### Task goal
Transcribe every record beneath, precisely as written.

### Records for processing
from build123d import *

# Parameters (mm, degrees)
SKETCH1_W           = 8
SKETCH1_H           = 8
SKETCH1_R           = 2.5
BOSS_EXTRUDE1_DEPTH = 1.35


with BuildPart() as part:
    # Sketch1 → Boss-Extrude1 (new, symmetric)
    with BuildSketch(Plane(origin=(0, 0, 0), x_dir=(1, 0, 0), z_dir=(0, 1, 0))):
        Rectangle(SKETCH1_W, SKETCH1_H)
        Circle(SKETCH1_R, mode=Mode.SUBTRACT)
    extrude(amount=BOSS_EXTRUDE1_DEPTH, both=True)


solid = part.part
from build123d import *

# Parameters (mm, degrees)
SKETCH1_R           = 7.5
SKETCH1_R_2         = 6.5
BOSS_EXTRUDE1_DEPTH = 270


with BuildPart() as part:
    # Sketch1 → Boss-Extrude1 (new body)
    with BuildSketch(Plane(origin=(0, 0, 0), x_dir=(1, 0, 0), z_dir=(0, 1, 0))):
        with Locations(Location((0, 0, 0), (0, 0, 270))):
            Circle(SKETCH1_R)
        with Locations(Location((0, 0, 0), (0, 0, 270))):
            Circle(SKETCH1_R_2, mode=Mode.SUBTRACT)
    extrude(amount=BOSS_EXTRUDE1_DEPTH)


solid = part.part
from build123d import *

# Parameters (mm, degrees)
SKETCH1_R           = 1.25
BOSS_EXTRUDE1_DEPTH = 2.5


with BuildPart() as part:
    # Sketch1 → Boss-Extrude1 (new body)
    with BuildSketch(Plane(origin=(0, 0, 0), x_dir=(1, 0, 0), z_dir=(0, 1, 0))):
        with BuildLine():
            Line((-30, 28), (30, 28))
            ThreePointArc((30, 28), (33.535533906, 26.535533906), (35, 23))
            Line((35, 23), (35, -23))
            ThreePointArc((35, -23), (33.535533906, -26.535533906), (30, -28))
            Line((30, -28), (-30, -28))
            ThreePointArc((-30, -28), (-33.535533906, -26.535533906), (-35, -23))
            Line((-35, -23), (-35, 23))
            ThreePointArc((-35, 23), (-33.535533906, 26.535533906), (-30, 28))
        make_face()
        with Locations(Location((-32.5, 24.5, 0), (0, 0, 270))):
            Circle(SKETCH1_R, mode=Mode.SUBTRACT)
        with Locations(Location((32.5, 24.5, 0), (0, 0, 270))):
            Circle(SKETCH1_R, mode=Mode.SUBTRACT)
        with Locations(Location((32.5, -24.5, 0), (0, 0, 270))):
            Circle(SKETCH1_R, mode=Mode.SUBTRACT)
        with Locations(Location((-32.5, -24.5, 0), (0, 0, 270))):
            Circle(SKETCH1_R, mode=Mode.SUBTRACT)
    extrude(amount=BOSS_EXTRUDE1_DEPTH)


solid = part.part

### Response
from build123d import *

# Parameters (mm, degrees)
SKETCH1_W           = 8
SKETCH1_H           = 8
SKETCH1_R           = 2.5
BOSS_EXTRUDE1_DEPTH = 1.35


with BuildPart() as part:
    # Sketch1 → Boss-Extrude1 (new, symmetric)
    with BuildSketch(Plane(origin=(0, 0, 0), x_dir=(1, 0, 0), z_dir=(0, 1, 0))):
        Rectangle(SKETCH1_W, SKETCH1_H)
        Circle(SKETCH1_R, mode=Mode.SUBTRACT)
    extrude(amount=BOSS_EXTRUDE1_DEPTH, both=True)


solid = part.part
from build123d import *

# Parameters (mm, degrees)
SKETCH1_R           = 7.5
SKETCH1_R_2         = 6.5
BOSS_EXTRUDE1_DEPTH = 270


with BuildPart() as part:
    # Sketch1 → Boss-Extrude1 (new body)
    with BuildSketch(Plane(origin=(0, 0, 0), x_dir=(1, 0, 0), z_dir=(0, 1, 0))):
        with Locations(Location((0, 0, 0), (0, 0, 270))):
            Circle(SKETCH1_R)
        with Locations(Location((0, 0, 0), (0, 0, 270))):
            Circle(SKETCH1_R_2, mode=Mode.SUBTRACT)
    extrude(amount=BOSS_EXTRUDE1_DEPTH)


solid = part.part
from build123d import *

# Parameters (mm, degrees)
SKETCH1_R           = 1.25
BOSS_EXTRUDE1_DEPTH = 2.5


with BuildPart() as part:
    # Sketch1 → Boss-Extrude1 (new body)
    with BuildSketch(Plane(origin=(0, 0, 0), x_dir=(1, 0, 0), z_dir=(0, 1, 0))):
        with BuildLine():
            Line((-30, 28), (30, 28))
            ThreePointArc((30, 28), (33.535533906, 26.535533906), (35, 23))
            Line((35, 23), (35, -23))
            ThreePointArc((35, -23), (33.535533906, -26.535533906), (30, -28))
            Line((30, -28), (-30, -28))
            ThreePointArc((-30, -28), (-33.535533906, -26.535533906), (-35, -23))
            Line((-35, -23), (-35, 23))
            ThreePointArc((-35, 23), (-33.535533906, 26.535533906), (-30, 28))
        make_face()
        with Locations(Location((-32.5, 24.5, 0), (0, 0, 270))):
            Circle(SKETCH1_R, mode=Mode.SUBTRACT)
        with Locations(Location((32.5, 24.5, 0), (0, 0, 270))):
            Circle(SKETCH1_R, mode=Mode.SUBTRACT)
        with Locations(Location((32.5, -24.5, 0), (0, 0, 270))):
            Circle(SKETCH1_R, mode=Mode.SUBTRACT)
        with Locations(Location((-32.5, -24.5, 0), (0, 0, 270))):
            Circle(SKETCH1_R, mode=Mode.SUBTRACT)
    extrude(amount=BOSS_EXTRUDE1_DEPTH)


solid = part.part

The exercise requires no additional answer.